That was the ten thousand dollar question. And - what a surprise. 10G networking too.

(A 1G link provides a natural 120MB/sec throttle which at least greatly slows the buildup of the issue, maybe so it doesn't ever arise for many intermittent workloads, and also may be just slow enough to handle ongoing anyway, depending on the server hardware. It doesn't stand a chance with anything much faster, as the pipes refill so quickly. See other linked post for details if you just found this thread. Also be aware it will happen in local file transfers within the server too, not just networked. But those don't disconnect, so there's less to fall over).

As a taster of what's possible, after upgrading to special vdevs, I'm getting 300+ MB/sec across SMB, without issues, on 1 - 3 TB file writes, to my deduped pool, compared to stalling before. But the SSDs are pulling huge amounts of 4K mixed RW to do that, and the server still needs quite a lot of RAM (less so because there's less penalty to pulling metadata+dedup data off Optane, its as fast as the fastest L2ARC anyway, only battery backed RAM is faster).... so it will all depend on your individual hardware and uses.

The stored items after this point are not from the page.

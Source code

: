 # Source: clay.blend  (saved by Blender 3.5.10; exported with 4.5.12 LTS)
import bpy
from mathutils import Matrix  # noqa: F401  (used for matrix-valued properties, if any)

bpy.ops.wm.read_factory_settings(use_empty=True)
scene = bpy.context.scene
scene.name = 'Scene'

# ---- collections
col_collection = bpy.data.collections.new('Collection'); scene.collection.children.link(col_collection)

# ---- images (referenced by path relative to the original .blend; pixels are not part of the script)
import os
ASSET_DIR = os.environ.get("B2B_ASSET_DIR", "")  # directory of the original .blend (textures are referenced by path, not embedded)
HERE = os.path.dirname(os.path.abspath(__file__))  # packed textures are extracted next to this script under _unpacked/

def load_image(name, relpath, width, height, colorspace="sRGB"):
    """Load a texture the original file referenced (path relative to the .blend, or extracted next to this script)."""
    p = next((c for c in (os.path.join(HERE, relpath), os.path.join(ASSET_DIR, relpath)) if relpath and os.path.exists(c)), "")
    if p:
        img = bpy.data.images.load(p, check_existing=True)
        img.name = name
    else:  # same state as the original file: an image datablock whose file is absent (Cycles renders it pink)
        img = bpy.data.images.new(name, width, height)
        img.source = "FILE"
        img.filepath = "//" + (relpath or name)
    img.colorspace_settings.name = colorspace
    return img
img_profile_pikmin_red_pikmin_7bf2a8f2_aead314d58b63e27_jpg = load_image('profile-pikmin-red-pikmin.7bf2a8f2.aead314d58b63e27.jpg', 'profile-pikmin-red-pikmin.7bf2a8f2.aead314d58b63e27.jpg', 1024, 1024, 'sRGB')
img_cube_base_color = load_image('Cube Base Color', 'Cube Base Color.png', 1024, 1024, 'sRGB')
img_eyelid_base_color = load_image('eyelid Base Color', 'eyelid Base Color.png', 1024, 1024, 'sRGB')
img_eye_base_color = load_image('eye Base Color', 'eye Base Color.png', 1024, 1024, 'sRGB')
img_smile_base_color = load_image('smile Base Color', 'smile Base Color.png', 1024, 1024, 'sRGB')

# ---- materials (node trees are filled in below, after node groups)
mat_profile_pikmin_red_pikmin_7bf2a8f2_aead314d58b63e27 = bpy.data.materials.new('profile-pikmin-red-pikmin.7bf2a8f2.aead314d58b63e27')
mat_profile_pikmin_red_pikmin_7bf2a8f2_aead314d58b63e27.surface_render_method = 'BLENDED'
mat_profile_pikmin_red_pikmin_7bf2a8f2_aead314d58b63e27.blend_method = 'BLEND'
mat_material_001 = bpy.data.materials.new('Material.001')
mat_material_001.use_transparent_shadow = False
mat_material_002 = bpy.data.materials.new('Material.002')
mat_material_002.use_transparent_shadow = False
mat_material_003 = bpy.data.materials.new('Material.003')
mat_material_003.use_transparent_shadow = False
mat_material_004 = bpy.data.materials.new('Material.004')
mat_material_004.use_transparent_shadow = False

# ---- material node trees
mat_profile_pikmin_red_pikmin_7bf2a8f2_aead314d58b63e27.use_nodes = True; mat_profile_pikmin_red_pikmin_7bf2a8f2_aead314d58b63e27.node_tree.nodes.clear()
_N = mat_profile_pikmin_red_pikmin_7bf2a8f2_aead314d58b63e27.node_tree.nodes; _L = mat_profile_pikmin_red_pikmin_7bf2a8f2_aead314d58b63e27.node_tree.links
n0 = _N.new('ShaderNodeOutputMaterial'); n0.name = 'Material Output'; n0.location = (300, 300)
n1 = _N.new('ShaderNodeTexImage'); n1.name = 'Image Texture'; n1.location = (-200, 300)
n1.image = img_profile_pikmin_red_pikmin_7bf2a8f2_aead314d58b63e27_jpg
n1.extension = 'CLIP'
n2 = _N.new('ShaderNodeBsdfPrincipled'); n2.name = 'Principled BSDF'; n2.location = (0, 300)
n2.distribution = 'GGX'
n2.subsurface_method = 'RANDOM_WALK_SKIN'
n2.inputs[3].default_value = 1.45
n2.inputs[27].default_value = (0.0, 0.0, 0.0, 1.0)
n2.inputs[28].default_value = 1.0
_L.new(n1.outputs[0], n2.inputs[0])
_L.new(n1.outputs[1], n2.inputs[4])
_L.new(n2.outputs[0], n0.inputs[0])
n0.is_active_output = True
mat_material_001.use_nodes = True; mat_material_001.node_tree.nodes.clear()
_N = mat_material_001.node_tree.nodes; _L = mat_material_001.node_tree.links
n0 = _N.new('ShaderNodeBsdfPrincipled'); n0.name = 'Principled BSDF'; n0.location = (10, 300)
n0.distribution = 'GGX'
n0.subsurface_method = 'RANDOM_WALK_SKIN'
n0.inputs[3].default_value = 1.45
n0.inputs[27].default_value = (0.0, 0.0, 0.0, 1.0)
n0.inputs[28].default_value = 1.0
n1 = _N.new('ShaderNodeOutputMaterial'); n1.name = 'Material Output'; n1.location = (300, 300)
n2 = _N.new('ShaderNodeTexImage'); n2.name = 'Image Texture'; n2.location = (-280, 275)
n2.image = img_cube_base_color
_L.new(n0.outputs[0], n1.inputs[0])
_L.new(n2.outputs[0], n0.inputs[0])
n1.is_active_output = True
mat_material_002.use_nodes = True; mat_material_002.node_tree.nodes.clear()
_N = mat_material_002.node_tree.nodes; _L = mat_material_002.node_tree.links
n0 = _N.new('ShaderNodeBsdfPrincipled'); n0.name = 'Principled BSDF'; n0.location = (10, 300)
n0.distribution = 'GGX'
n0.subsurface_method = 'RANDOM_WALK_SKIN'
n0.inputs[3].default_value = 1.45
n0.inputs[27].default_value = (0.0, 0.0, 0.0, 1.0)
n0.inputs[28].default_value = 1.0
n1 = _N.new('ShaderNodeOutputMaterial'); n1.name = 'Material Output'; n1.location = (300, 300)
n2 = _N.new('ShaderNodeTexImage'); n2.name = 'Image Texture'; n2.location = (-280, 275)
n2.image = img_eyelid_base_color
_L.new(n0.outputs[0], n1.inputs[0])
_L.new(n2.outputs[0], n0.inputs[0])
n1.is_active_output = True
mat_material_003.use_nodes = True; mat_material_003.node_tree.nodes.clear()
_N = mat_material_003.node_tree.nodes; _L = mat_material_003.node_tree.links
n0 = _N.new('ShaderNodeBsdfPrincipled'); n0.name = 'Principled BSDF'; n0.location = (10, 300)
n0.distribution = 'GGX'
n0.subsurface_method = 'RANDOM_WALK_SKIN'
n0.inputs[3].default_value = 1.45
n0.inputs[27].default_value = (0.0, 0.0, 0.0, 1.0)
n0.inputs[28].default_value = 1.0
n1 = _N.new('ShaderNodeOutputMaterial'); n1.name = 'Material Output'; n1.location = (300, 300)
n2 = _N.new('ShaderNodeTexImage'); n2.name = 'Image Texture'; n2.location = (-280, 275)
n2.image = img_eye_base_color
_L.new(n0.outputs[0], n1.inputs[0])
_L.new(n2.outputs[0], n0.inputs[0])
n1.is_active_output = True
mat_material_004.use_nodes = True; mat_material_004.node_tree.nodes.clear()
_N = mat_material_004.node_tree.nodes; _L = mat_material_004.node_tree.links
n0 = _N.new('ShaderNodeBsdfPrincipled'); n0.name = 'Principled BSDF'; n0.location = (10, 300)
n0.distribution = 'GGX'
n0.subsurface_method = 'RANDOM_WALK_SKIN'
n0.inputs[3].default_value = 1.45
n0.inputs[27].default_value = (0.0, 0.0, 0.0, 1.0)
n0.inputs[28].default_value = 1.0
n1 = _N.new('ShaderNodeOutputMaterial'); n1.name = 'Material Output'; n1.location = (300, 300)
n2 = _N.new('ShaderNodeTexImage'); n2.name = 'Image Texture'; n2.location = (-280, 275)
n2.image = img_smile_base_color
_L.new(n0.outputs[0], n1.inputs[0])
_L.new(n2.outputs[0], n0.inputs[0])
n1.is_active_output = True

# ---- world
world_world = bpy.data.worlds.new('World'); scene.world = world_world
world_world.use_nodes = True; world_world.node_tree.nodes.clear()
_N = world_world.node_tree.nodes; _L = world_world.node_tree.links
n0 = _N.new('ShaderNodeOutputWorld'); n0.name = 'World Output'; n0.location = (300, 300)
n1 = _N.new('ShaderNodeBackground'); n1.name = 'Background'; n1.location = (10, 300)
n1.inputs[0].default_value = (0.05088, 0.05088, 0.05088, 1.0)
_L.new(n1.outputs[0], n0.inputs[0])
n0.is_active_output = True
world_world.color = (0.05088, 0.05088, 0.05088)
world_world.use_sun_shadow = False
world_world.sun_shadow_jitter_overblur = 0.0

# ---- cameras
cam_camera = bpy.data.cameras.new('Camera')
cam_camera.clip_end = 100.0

I'm using Optane for it, but it's expensive. At minimum, even good enthusiast SSDs (Samsung Pro NVMe) should stand a very good chance of handling it enough to make it manageable. Pro because you need a good controller and rock solid SSD for this demand, and you dont want your special vdev slowed down too badly when its internal cache is full and it falls back to the native speed of the controller+NVRAM. NVMe because I don't know what you'll get, but I get 4k random reads at 250k IOPS for long enough to point a camera at it and the best SATA tops out around 100k. As of 2020 if you aren't sure, then get Samsung (not older PM and NEVER QVO) or Intel, even 2nd hand, nothing else. Just remember special vdevs need to be redundant, too, their data is fundamental to the pool being usable. And whatever the webUI says and whatever the rest of your pool is, make them mirrored *never* raidz. Override the webUI if needed to do it.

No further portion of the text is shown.